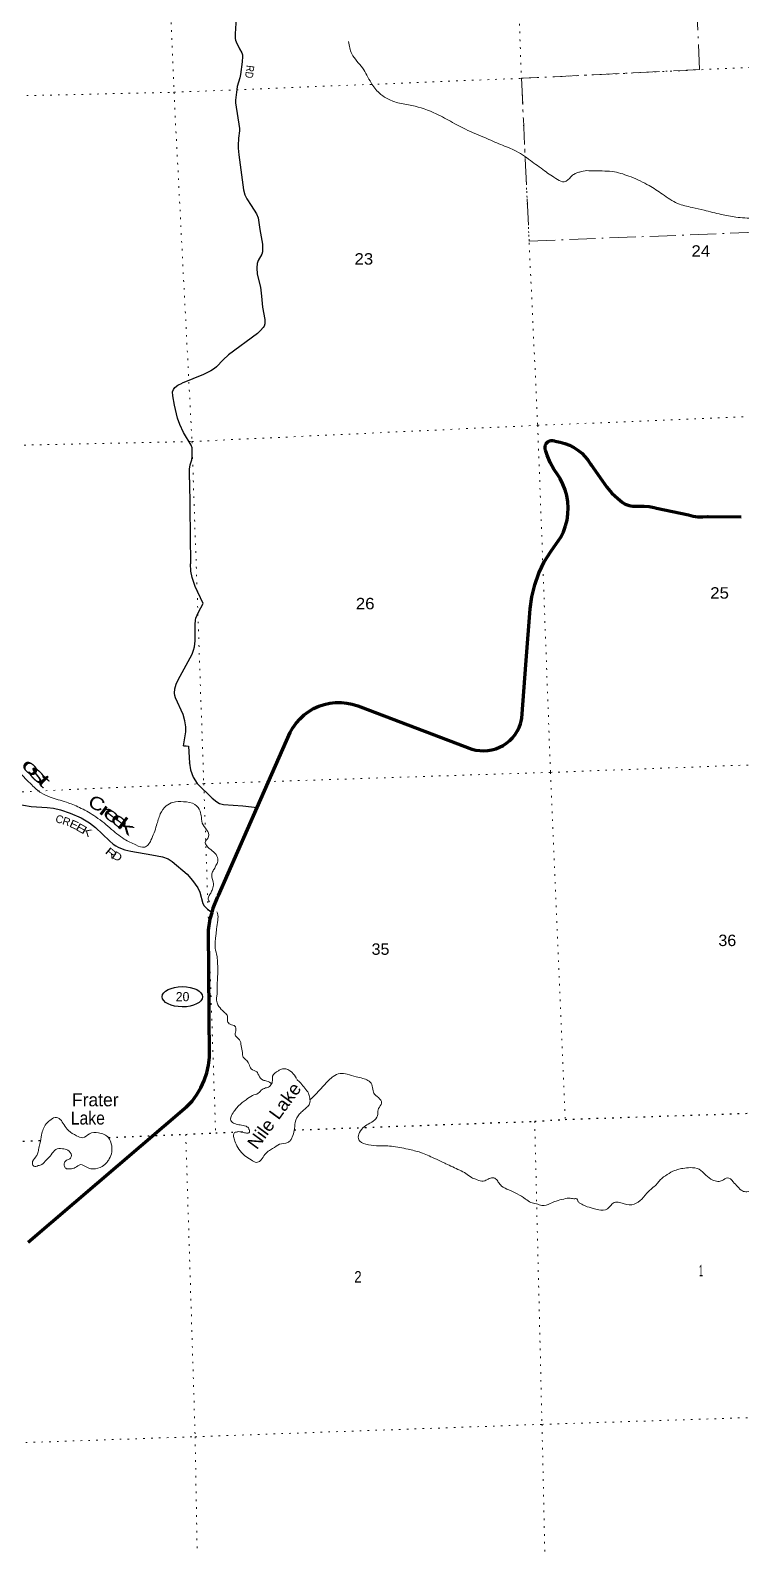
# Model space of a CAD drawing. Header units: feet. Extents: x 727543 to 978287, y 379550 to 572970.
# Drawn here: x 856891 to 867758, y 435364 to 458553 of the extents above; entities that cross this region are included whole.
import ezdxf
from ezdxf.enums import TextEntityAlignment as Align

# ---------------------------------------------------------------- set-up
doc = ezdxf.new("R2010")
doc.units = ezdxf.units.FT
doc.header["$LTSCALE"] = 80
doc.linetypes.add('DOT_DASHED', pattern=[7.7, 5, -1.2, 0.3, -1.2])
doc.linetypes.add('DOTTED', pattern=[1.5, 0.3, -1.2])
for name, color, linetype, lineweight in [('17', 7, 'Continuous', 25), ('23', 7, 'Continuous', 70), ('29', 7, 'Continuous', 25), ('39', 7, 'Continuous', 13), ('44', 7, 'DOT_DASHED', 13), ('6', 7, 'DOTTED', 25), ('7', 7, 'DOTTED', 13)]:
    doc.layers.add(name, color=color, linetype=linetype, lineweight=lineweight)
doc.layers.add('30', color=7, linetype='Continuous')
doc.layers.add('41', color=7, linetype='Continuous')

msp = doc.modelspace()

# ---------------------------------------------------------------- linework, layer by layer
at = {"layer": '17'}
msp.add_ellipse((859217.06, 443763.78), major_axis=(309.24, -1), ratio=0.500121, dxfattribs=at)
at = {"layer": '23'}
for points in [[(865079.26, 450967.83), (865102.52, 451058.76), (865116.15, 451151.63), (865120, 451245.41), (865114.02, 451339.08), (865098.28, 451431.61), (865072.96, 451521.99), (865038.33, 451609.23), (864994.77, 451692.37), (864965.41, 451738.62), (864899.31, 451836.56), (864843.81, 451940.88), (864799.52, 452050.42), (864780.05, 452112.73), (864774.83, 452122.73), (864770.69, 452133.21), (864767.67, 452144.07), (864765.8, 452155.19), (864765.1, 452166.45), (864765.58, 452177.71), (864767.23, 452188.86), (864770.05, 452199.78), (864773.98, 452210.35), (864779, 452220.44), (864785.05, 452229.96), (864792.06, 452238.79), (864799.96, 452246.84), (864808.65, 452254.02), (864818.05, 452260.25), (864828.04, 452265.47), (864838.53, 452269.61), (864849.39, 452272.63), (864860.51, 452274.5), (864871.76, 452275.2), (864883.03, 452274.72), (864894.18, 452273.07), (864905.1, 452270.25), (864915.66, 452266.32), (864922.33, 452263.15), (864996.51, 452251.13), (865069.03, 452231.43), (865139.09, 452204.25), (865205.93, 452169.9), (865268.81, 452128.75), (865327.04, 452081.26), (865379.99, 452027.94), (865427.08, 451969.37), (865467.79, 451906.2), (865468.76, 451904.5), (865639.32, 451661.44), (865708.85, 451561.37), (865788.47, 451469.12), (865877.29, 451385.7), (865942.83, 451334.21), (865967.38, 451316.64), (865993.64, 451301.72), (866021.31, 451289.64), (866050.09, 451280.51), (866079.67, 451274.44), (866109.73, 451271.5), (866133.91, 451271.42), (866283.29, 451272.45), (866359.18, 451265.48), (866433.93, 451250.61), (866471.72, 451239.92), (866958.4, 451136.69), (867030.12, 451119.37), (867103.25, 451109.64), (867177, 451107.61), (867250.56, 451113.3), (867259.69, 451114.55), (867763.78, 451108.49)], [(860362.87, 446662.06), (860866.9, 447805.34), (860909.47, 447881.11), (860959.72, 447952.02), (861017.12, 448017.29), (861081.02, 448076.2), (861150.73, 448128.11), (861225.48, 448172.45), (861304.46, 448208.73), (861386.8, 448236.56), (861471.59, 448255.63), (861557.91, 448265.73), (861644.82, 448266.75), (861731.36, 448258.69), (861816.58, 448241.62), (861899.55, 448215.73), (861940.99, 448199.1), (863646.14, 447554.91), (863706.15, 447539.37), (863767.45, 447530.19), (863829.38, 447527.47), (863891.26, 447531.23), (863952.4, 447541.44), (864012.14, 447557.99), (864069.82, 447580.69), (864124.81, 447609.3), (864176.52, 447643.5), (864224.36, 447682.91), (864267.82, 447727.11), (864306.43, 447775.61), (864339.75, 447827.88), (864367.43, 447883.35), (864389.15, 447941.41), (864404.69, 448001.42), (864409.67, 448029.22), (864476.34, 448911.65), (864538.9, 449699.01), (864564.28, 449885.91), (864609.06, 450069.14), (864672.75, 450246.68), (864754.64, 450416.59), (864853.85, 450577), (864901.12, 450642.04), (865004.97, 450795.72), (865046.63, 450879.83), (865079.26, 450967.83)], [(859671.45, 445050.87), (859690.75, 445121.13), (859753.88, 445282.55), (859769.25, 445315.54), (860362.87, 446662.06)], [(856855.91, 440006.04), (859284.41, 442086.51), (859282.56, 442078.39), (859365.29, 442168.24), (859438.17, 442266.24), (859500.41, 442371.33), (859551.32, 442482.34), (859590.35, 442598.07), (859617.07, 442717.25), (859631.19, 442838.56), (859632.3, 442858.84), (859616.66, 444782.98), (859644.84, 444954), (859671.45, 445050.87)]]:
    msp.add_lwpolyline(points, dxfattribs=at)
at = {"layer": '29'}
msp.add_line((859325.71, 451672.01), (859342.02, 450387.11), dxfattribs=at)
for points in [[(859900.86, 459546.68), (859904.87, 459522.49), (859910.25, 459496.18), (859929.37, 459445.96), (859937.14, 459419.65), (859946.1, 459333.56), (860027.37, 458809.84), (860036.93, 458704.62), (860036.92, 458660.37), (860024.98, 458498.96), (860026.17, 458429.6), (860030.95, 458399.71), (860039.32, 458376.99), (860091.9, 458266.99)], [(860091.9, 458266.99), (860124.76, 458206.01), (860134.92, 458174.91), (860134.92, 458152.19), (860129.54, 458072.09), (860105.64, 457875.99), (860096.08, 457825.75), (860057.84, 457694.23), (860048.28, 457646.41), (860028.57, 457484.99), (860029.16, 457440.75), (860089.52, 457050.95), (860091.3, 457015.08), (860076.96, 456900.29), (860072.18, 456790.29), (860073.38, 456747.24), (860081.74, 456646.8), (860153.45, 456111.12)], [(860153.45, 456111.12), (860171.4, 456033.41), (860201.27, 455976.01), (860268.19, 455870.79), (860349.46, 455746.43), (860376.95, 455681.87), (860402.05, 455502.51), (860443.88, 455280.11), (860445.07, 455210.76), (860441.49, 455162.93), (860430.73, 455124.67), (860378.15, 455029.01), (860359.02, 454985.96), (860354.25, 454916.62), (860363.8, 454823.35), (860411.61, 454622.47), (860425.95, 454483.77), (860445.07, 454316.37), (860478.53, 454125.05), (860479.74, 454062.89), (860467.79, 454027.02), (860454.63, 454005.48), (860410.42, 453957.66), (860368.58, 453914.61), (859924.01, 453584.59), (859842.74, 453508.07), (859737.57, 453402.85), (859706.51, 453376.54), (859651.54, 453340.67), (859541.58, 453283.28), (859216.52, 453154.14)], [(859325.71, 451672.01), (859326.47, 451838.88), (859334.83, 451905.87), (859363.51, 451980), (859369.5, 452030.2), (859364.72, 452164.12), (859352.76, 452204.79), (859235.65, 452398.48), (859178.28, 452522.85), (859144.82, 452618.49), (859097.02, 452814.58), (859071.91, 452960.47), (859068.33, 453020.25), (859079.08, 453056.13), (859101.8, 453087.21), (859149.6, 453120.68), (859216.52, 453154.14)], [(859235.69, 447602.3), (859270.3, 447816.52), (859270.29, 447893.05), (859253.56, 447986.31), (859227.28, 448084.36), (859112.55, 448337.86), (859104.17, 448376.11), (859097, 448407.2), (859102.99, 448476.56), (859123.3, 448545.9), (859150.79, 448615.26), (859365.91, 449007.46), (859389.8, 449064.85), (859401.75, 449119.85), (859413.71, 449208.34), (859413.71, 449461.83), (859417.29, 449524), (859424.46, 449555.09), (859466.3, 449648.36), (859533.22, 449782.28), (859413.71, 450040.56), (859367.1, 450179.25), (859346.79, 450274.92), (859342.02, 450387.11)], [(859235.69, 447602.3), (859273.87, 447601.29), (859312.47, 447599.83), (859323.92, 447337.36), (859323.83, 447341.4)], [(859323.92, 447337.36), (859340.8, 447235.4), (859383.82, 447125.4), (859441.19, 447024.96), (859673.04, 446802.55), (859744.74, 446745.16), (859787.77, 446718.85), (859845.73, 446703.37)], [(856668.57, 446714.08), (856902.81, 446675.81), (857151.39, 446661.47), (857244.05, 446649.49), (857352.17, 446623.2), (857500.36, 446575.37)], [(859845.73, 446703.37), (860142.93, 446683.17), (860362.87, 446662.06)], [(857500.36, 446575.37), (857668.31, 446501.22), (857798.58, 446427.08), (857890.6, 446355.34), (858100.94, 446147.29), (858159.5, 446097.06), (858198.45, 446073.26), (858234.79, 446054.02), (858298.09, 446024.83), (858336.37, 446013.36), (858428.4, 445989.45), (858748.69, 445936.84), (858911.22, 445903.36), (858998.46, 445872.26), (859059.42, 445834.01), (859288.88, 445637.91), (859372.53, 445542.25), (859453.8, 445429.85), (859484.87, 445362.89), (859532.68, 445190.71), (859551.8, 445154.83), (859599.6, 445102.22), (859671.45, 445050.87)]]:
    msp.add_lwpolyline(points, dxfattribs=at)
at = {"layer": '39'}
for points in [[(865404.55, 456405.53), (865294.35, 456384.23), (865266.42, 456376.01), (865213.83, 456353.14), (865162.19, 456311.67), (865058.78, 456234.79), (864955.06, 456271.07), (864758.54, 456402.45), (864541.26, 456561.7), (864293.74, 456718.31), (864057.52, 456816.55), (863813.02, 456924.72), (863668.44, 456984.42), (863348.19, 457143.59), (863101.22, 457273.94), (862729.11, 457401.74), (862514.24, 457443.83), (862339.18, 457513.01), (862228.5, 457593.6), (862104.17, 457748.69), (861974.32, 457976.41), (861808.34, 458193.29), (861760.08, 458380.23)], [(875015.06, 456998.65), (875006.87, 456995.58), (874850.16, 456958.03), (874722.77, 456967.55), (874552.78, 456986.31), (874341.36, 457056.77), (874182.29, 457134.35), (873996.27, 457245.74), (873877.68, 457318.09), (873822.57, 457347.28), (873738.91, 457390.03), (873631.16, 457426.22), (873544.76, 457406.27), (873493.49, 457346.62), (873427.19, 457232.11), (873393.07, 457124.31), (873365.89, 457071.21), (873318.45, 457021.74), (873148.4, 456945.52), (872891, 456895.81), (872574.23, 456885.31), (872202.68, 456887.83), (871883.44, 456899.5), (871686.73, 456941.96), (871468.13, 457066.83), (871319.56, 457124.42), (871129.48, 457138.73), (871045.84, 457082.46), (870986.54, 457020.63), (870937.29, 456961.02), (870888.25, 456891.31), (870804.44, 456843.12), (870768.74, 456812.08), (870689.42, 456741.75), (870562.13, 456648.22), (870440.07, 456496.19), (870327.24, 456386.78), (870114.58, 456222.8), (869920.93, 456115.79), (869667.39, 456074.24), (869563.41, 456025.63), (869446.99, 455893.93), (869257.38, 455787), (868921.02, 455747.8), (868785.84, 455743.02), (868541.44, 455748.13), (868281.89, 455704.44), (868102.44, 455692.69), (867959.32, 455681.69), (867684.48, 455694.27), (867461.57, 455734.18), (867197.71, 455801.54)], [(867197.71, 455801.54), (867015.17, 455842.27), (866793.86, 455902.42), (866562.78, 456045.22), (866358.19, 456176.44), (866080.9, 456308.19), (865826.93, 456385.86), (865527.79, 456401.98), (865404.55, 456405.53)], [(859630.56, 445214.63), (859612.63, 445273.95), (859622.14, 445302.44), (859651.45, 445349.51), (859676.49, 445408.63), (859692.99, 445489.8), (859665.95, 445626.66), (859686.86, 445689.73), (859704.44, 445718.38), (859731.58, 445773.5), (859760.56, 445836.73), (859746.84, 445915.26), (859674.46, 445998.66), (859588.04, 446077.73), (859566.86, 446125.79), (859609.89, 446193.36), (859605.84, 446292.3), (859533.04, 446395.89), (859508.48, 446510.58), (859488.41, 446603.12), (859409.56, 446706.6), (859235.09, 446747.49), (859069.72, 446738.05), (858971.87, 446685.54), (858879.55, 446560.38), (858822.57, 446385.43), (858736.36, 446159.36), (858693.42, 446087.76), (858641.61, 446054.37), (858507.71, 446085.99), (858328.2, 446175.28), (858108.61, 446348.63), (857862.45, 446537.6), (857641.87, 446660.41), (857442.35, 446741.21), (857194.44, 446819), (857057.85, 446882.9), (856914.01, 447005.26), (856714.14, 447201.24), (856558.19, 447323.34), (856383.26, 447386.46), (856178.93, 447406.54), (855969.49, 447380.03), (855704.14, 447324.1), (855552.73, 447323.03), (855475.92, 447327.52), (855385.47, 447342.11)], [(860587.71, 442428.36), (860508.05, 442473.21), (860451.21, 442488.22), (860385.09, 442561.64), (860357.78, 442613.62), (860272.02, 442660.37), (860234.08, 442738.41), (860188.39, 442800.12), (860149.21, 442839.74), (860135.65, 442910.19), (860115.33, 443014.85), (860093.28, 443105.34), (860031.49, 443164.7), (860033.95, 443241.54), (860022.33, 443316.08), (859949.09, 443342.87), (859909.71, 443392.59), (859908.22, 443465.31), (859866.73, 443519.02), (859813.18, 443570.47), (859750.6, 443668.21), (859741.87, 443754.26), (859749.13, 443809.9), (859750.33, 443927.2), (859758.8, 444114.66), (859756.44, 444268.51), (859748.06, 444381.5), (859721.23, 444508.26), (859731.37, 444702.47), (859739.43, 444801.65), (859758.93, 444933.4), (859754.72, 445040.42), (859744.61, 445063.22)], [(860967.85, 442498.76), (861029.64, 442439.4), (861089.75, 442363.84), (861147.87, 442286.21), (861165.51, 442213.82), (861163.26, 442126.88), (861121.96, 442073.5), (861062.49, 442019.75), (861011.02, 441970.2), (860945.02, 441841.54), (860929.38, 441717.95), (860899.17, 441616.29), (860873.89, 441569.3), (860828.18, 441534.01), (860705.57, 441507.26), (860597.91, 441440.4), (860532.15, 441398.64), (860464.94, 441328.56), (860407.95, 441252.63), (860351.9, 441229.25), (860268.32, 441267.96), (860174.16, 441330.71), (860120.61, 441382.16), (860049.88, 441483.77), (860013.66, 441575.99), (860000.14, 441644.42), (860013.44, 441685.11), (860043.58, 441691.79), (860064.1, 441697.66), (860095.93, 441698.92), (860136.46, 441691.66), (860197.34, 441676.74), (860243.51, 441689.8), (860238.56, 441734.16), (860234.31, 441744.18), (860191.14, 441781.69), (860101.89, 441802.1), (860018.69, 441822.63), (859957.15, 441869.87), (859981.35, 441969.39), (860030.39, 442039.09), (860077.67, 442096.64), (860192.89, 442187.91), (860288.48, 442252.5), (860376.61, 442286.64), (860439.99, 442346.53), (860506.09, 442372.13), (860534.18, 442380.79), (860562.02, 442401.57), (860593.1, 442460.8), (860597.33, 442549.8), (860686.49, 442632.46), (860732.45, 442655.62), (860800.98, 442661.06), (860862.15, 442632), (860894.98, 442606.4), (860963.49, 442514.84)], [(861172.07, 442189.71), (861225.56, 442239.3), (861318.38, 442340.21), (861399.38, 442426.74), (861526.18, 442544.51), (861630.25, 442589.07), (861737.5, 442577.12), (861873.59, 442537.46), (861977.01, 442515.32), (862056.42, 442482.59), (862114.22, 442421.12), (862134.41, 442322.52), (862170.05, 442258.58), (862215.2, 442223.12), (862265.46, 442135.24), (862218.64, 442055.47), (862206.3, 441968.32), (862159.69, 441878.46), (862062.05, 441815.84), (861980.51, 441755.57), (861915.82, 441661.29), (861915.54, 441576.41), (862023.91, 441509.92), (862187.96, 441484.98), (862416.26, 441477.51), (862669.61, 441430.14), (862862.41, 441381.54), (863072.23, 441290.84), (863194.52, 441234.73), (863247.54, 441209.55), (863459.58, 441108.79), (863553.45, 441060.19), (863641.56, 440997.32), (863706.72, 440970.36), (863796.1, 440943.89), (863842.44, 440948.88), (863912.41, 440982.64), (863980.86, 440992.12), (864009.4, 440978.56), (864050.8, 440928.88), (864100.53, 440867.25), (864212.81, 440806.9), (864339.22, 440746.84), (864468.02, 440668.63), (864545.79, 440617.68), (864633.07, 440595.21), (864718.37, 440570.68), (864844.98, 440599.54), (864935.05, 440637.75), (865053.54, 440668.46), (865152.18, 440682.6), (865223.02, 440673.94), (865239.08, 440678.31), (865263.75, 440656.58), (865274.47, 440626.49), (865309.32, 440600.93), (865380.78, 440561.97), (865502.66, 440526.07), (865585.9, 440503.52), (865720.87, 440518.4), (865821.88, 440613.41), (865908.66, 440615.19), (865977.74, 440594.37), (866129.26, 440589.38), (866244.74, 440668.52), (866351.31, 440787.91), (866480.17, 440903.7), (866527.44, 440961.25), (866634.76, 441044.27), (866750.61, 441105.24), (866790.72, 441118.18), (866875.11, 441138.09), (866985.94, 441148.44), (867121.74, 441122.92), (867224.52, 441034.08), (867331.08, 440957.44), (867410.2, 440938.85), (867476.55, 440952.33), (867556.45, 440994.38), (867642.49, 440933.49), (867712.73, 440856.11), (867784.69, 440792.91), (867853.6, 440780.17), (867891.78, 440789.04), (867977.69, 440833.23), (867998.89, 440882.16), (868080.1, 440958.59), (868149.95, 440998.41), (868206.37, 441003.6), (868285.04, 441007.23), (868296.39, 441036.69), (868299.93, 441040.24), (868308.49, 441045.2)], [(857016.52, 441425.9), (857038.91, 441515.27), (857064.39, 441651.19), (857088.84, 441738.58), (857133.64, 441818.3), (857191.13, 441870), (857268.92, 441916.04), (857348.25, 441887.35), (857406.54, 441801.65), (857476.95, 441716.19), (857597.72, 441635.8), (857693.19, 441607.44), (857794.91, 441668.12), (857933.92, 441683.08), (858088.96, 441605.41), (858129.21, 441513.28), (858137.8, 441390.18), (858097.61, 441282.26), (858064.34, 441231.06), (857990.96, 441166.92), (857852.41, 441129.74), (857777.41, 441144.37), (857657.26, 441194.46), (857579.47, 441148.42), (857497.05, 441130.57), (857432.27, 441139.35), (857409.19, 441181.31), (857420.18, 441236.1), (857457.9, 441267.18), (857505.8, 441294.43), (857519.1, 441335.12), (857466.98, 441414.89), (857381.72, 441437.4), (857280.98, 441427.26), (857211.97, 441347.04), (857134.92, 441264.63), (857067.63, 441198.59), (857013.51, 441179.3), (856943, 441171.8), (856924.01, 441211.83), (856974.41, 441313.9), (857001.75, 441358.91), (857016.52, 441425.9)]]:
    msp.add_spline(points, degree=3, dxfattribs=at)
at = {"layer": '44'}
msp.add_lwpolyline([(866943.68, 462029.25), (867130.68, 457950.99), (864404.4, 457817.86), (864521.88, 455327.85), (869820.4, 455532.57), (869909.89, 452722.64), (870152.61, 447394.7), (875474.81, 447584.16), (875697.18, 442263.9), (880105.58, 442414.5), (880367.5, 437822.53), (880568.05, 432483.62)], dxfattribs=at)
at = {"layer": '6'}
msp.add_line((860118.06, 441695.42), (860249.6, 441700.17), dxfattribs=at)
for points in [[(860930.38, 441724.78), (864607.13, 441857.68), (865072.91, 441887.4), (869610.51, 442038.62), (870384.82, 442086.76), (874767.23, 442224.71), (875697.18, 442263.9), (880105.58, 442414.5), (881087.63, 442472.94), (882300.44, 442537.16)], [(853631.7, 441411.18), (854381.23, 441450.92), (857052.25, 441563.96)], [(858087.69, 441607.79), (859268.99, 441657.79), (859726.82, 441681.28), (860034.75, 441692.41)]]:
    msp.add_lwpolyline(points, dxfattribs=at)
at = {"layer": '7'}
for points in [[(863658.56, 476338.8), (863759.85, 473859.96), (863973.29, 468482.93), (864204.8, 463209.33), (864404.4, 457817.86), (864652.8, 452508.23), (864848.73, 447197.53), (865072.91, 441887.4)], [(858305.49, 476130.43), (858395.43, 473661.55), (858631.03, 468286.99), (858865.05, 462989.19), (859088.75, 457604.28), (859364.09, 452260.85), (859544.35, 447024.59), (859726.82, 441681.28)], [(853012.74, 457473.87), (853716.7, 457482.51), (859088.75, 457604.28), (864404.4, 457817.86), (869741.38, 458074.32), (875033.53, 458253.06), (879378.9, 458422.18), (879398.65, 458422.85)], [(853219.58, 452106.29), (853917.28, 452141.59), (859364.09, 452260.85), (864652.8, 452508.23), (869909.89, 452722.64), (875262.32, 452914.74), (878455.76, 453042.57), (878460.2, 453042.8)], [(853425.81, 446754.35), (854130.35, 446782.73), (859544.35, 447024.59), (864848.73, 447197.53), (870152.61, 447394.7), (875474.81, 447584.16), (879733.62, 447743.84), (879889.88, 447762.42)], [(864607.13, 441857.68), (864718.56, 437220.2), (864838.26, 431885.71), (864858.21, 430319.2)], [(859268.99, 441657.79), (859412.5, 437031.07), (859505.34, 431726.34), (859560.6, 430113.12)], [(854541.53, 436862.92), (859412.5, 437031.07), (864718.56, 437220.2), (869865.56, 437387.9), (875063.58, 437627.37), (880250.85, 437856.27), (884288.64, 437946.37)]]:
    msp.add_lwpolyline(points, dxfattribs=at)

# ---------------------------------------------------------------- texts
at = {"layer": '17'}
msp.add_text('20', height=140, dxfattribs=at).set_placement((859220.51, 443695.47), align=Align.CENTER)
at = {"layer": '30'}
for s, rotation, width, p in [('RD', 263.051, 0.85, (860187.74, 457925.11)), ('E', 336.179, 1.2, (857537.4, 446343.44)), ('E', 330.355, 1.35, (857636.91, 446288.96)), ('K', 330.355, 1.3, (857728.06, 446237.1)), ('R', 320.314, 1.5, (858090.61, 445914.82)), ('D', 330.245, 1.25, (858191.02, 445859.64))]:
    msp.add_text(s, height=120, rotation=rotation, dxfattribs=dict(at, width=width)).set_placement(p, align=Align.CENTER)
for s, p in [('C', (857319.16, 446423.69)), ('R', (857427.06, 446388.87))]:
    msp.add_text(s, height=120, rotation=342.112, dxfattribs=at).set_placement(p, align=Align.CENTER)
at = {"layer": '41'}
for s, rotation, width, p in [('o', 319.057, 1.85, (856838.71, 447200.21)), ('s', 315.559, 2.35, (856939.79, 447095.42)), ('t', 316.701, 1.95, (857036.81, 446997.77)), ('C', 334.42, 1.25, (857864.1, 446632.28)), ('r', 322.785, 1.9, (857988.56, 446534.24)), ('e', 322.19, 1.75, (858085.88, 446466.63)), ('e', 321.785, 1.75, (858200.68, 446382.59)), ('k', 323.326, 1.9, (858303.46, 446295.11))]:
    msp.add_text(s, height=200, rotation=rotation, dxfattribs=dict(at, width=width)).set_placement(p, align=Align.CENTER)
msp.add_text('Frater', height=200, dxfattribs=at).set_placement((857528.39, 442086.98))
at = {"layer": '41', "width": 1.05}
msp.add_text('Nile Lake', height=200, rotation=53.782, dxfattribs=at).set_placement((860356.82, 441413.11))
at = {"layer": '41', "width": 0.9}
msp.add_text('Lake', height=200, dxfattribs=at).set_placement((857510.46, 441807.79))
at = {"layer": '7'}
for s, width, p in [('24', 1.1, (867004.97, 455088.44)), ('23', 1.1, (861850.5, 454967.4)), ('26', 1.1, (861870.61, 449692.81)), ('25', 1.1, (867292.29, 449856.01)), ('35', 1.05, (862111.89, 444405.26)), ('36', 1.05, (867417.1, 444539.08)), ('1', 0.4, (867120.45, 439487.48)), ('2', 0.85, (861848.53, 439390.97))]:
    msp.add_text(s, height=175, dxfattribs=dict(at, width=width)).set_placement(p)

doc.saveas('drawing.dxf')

━━━━

** ACTION ITEM **
The line containing "-1.2, 0.3, -1.2])" marks where the copy ends; print every line before it from the start of the records, and that line too, but no pictures.

** RESPONSE **
# Model space of a CAD drawing. Header units: feet. Extents: x 727543 to 978287, y 379550 to 572970.
# Drawn here: x 856891 to 867758, y 435364 to 458553 of the extents above; entities that cross this region are included whole.
import ezdxf
from ezdxf.enums import TextEntityAlignment as Align

# ---------------------------------------------------------------- set-up
doc = ezdxf.new("R2010")
doc.units = ezdxf.units.FT
doc.header["$LTSCALE"] = 80
doc.linetypes.add('DOT_DASHED', pattern=[7.7, 5, -1.2, 0.3, -1.2])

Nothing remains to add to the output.